──────── Records to process

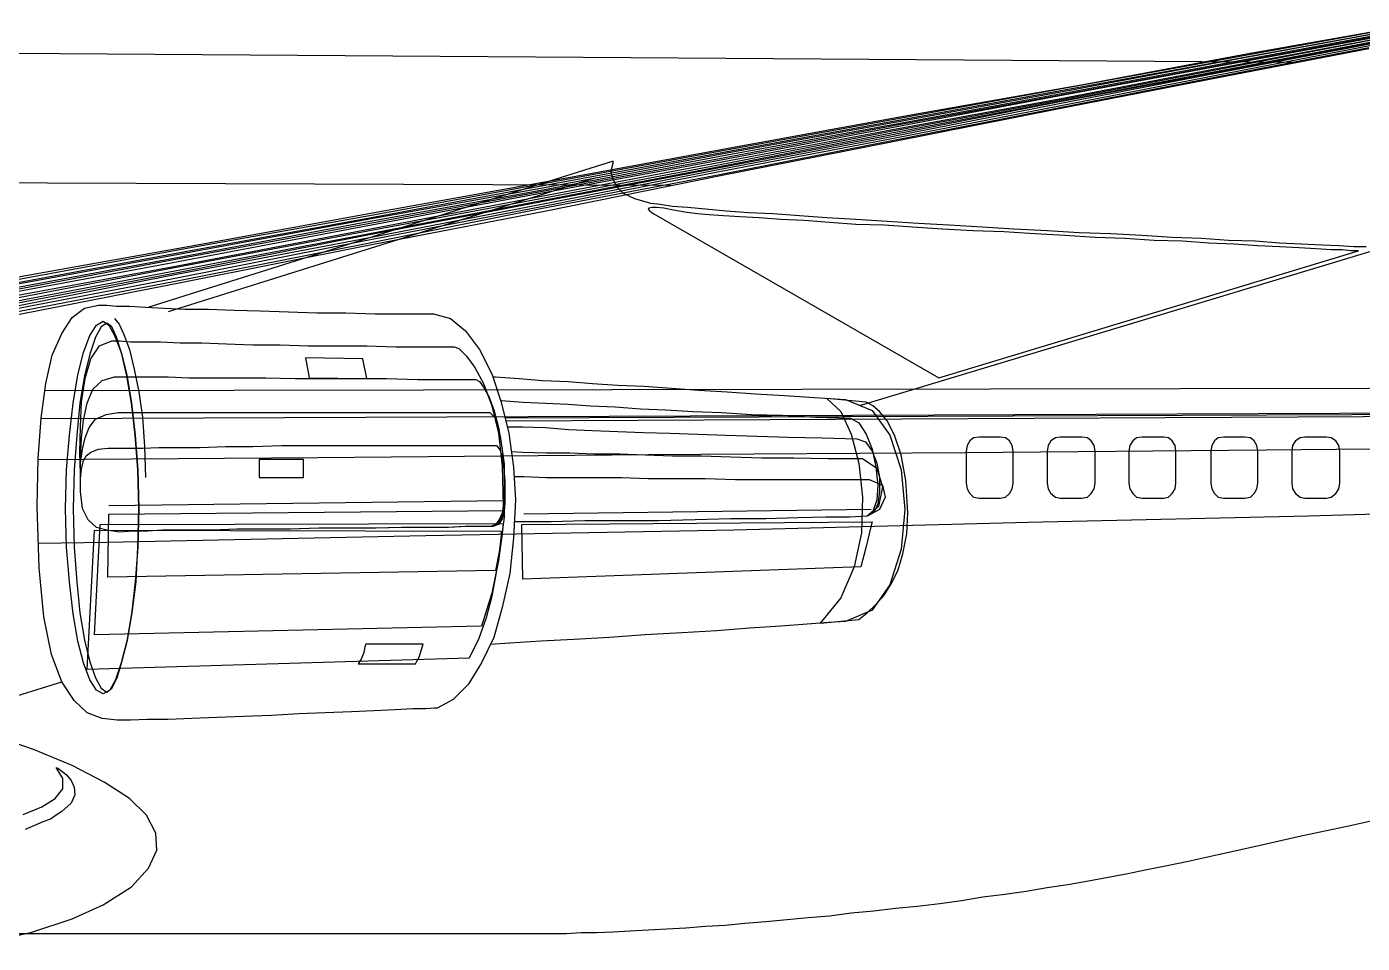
# Model space of a CAD drawing. Extents: x 526 to 2267, y -112 to 246.
# Drawn here: x 1532.9 to 1641.1, y 19.9 to 94.1 of the extents above; entities that cross this region are included whole.
import ezdxf

# ---------------------------------------------------------------- set-up
doc = ezdxf.new("R2010")
doc.units = 0
doc.header["$MEASUREMENT"] = 0
doc.layers.get('0').update_dxf_attribs({"linetype": 'CONTINUOUS'})

msp = doc.modelspace()

# ---------------------------------------------------------------- linework, layer by layer
msp.add_line((1525.89, 38.01), (1535.73, 41.06))
at = {"linetype": 'Continuous'}
for points in [[(1335.01, 93.36), (1635.81, 91.24)], [(1335.01, 93.36), (1635.81, 91.24)], [(1335.01, 93.36), (1635.81, 91.24)], [(1641.84, 93.2), (1629.49, 90.92), (1616.45, 88.48), (1602.81, 85.89), (1588.71, 83.22), (1574.22, 80.55), (1559.51, 77.8), (1544.72, 74.98), (1529.86, 72.24)], [(1641.91, 93.05), (1629.57, 90.76), (1616.53, 88.25), (1602.88, 85.73), (1588.78, 83.06), (1574.3, 80.32), (1559.59, 77.5), (1544.8, 74.68), (1529.93, 71.94)], [(1530.09, 72.47), (1544.95, 75.29), (1559.82, 78.03), (1574.53, 80.78), (1589.01, 83.44), (1603.11, 86.11), (1616.83, 88.63), (1629.87, 91.07), (1642.22, 93.36)], [(1530.09, 71.78), (1544.87, 74.6), (1559.66, 77.42), (1574.38, 80.17), (1588.78, 82.91), (1602.88, 85.66), (1616.45, 88.17), (1629.49, 90.69), (1641.84, 93.05)], [(1530.39, 72.7), (1545.25, 75.44), (1560.12, 78.26), (1574.83, 80.93), (1589.32, 83.68), (1603.49, 86.27), (1617.14, 88.78), (1630.25, 91.22), (1642.6, 93.51)], [(1530.54, 73), (1545.48, 75.75), (1560.35, 78.49), (1575.14, 81.16), (1589.62, 83.9), (1603.8, 86.5), (1617.52, 89.01), (1630.63, 91.45), (1642.98, 93.74)], [(1530.85, 73.15), (1545.71, 75.9), (1560.65, 78.64), (1575.44, 81.39), (1589.92, 84.06), (1604.11, 86.65), (1617.83, 89.16), (1630.94, 91.53), (1643.36, 93.81)], [(1531.08, 73.46), (1546.02, 76.2), (1560.96, 78.87), (1575.75, 81.62), (1590.31, 84.28), (1604.49, 86.88), (1618.21, 89.39), (1631.32, 91.75), (1643.74, 94.04)], [(1531.3, 73.69), (1546.25, 76.36), (1561.19, 79.1), (1576.05, 81.77), (1590.61, 84.44), (1604.79, 87.03), (1618.59, 89.47), (1631.7, 91.91), (1644.13, 94.12)], [(1530.24, 71.55), (1545.03, 74.38), (1559.82, 77.2), (1574.45, 80.02), (1588.86, 82.76), (1602.96, 85.51), (1616.53, 88.09), (1629.49, 90.54), (1641.84, 92.9)], [(1530.31, 71.4), (1545.1, 74.22), (1559.82, 77.12), (1574.45, 79.94), (1588.86, 82.68), (1602.88, 85.35), (1616.45, 88.02), (1629.49, 90.46), (1641.76, 92.82)], [(1530.31, 71.17), (1545.03, 74.07), (1559.82, 76.89), (1574.45, 79.71), (1588.78, 82.53), (1602.81, 85.2), (1616.38, 87.87), (1629.34, 90.38), (1641.69, 92.74)], [(1530.62, 71.02), (1545.33, 73.84), (1560.04, 76.74), (1574.6, 79.56), (1589.01, 82.38), (1602.96, 85.05), (1616.53, 87.71), (1629.41, 90.23), (1641.69, 92.59)], [(1530.77, 70.79), (1545.48, 73.61), (1560.12, 76.51), (1574.68, 79.41), (1589.01, 82.15), (1602.96, 84.89), (1616.45, 87.56), (1629.41, 90.08), (1641.61, 92.44)], [(1530.92, 70.56), (1545.64, 73.46), (1560.27, 76.36), (1574.83, 79.18), (1589.09, 82.07), (1603.04, 84.82), (1616.53, 87.49), (1629.41, 90), (1641.61, 92.36)], [(1585.05, 81.25), (1159.54, 82.84)], [(1641.38, 76.28), (1640.39, 76.28), (1639.17, 76.36), (1637.8, 76.43), (1636.12, 76.51), (1634.37, 76.59), (1632.39, 76.74), (1630.25, 76.81), (1628.04, 76.97), (1625.68, 77.04), (1623.24, 77.2), (1620.72, 77.35), (1618.13, 77.42), (1615.54, 77.58), (1612.87, 77.73), (1610.28, 77.88), (1607.61, 78.03), (1605.1, 78.19), (1602.58, 78.34), (1600.06, 78.49), (1597.7, 78.64), (1595.49, 78.79), (1593.36, 78.95), (1591.37, 79.03), (1589.54, 79.18), (1587.87, 79.33), (1586.42, 79.48), (1585.2, 79.56), (1584.21, 79.71), (1583.45, 79.79), (1582.15, 80.17), (1581.24, 80.62), (1580.7, 81.16), (1580.4, 81.77), (1580.24, 82.3), (1580.32, 82.76), (1580.4, 83.06), (1580.4, 83.22), (1542.77, 71.39)], [(1578.87, 81.85), (1544.34, 71.02)], [(1583.68, 78.95), (1606.77, 65.68), (1640.77, 75.97), (1640.62, 75.97), (1640.16, 75.97), (1639.48, 76.05), (1638.56, 76.05), (1637.34, 76.13), (1635.97, 76.2), (1634.37, 76.28), (1632.61, 76.36), (1630.71, 76.51), (1628.65, 76.59), (1626.52, 76.74), (1624.23, 76.81), (1621.87, 76.97), (1619.43, 77.04), (1616.99, 77.2), (1614.55, 77.35), (1612.03, 77.5), (1609.52, 77.58), (1607.08, 77.73), (1604.64, 77.88), (1602.35, 78.03), (1600.06, 78.11), (1597.93, 78.26), (1595.87, 78.41), (1593.97, 78.49), (1592.21, 78.64), (1590.69, 78.72), (1589.32, 78.79), (1588.17, 78.87), (1587.26, 78.95), (1586.57, 79.03), (1586.19, 79.1), (1585.27, 79.25), (1584.51, 79.41), (1583.9, 79.48), (1583.52, 79.48), (1583.29, 79.41), (1583.22, 79.33), (1583.37, 79.18), (1583.68, 78.95)], [(1600.29, 63.47), (1600.29, 63.47), (1600.45, 63.47), (1642.68, 76.2)], [(1538.7, 71.55), (1538.85, 71.55), (1539.39, 71.55), (1540.15, 71.48), (1541.21, 71.48), (1542.51, 71.4), (1544.04, 71.32), (1545.71, 71.25), (1547.62, 71.25), (1549.68, 71.17), (1551.81, 71.1), (1554.1, 71.02), (1556.38, 70.94), (1558.75, 70.94), (1561.11, 70.87), (1563.47, 70.87), (1565.84, 70.87), (1567.21, 70.49), (1568.43, 69.49), (1569.57, 67.97), (1570.56, 65.99), (1571.32, 63.7), (1571.94, 61.19), (1572.32, 58.44), (1572.47, 55.78), (1572.32, 52.72), (1572.01, 49.83), (1571.4, 47.08), (1570.72, 44.65), (1569.73, 42.59), (1568.66, 40.83), (1567.44, 39.61), (1566.14, 38.93), (1565.91, 38.93), (1565.23, 38.85), (1564.16, 38.85), (1562.71, 38.77), (1561.03, 38.7), (1559.2, 38.62), (1557.07, 38.55), (1554.94, 38.47), (1552.72, 38.32), (1550.44, 38.24), (1548.31, 38.17), (1546.25, 38.09), (1544.34, 38.01), (1542.66, 38.01), (1541.29, 37.94), (1540.22, 37.94), (1539.01, 38.09), (1537.78, 38.55), (1536.72, 39.54), (1535.73, 41.06), (1534.89, 43.27), (1534.28, 46.32), (1533.9, 50.29), (1533.74, 55.24), (1533.82, 59.13), (1534.05, 62.41), (1534.43, 65.23), (1534.96, 67.51), (1535.73, 69.27), (1536.56, 70.56), (1537.56, 71.32), (1538.7, 71.55)], [(1540, 70.49), (1540.38, 70.03), (1540.76, 69.19), (1541.21, 67.97), (1541.6, 66.37), (1541.98, 64.54), (1542.28, 62.48), (1542.43, 60.12), (1542.51, 57.6)], [(1536.03, 55.09), (1536.11, 58.21), (1536.34, 61.03), (1536.64, 63.63), (1537.02, 65.91), (1537.48, 67.74), (1538.01, 69.11), (1538.55, 69.95), (1539.08, 70.26), (1539.54, 69.95), (1540, 69.11), (1540.53, 67.74), (1540.99, 65.91), (1541.37, 63.63), (1541.67, 61.03), (1541.9, 58.21), (1541.98, 55.09), (1541.9, 51.96), (1541.67, 49.14), (1541.37, 46.55), (1540.99, 44.34), (1540.53, 42.59), (1540.07, 41.21), (1539.61, 40.38), (1539.08, 40.07), (1538.55, 40.38), (1538.01, 41.21), (1537.48, 42.59), (1537.02, 44.34), (1536.64, 46.55), (1536.34, 49.14), (1536.11, 51.96), (1536.03, 55.09)], [(1539.39, 40.22), (1539.77, 40.53), (1540.22, 41.37), (1540.6, 42.66), (1541.06, 44.42), (1541.44, 46.63), (1541.75, 49.14), (1541.9, 51.96), (1541.98, 55.09), (1541.9, 58.21), (1541.67, 61.03), (1541.37, 63.63), (1540.99, 65.84), (1540.6, 67.59), (1540.15, 68.96), (1539.77, 69.8), (1539.39, 70.11), (1538.93, 69.8), (1538.47, 68.96), (1538.01, 67.59), (1537.56, 65.84), (1537.18, 63.63), (1536.95, 61.03), (1536.72, 58.21), (1536.64, 55.09), (1536.72, 51.96), (1536.95, 49.14), (1537.18, 46.63), (1537.56, 44.42), (1538.01, 42.66), (1538.47, 41.37), (1538.93, 40.53), (1539.39, 40.22)], [(1567.51, 68.2), (1567.9, 68.05), (1568.5, 67.44), (1569.19, 66.52), (1569.88, 65.23), (1570.56, 63.4), (1571.1, 61.19), (1571.4, 58.52), (1571.48, 55.32), (1571.4, 54.71), (1571.17, 54.17), (1570.87, 53.79), (1570.49, 53.64), (1570.26, 53.64), (1569.5, 53.64), (1568.43, 53.64), (1566.91, 53.56), (1565.23, 53.56), (1563.25, 53.56), (1561.03, 53.49), (1558.82, 53.49), (1556.54, 53.49), (1554.17, 53.41), (1551.96, 53.41), (1549.9, 53.41), (1547.92, 53.33), (1546.25, 53.33), (1544.87, 53.33), (1543.88, 53.33), (1542.66, 53.26), (1541.52, 53.26), (1540.38, 53.18), (1539.39, 53.33), (1538.55, 53.56), (1537.86, 54.17), (1537.4, 55.09), (1537.25, 56.46), (1537.25, 57.91), (1537.18, 59.66), (1537.25, 61.72), (1537.33, 63.7), (1537.63, 65.61), (1538.09, 67.21), (1538.77, 68.28), (1539.77, 68.66), (1539.92, 68.66), (1540.45, 68.66), (1541.29, 68.58), (1542.36, 68.58), (1543.73, 68.58), (1545.33, 68.5), (1547.08, 68.5), (1549.07, 68.43), (1551.2, 68.35), (1553.41, 68.35), (1555.7, 68.28), (1558.06, 68.28), (1560.43, 68.28), (1562.79, 68.2), (1565.23, 68.2), (1567.51, 68.2)], [(1560.12, 67.21), (1555.47, 67.29), (1555.78, 65.68), (1560.43, 65.61), (1560.12, 67.21)], [(1748.86, 65), (1534.35, 64.62)], [(1569.27, 65.53), (1569.57, 65.38), (1569.88, 64.92), (1570.33, 64.16), (1570.72, 63.09), (1571.1, 61.64), (1571.4, 59.89), (1571.56, 57.83), (1571.56, 55.39), (1571.48, 54.78), (1571.25, 54.17), (1570.94, 53.79), (1570.49, 53.64), (1570.26, 53.64), (1569.5, 53.64), (1568.43, 53.64), (1566.91, 53.56), (1565.23, 53.56), (1563.25, 53.56), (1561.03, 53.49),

────────────────

Aim of the task: In the entries above, how many lines hold "linetype"? Answer with the number alone.

Solution to the exercise: 2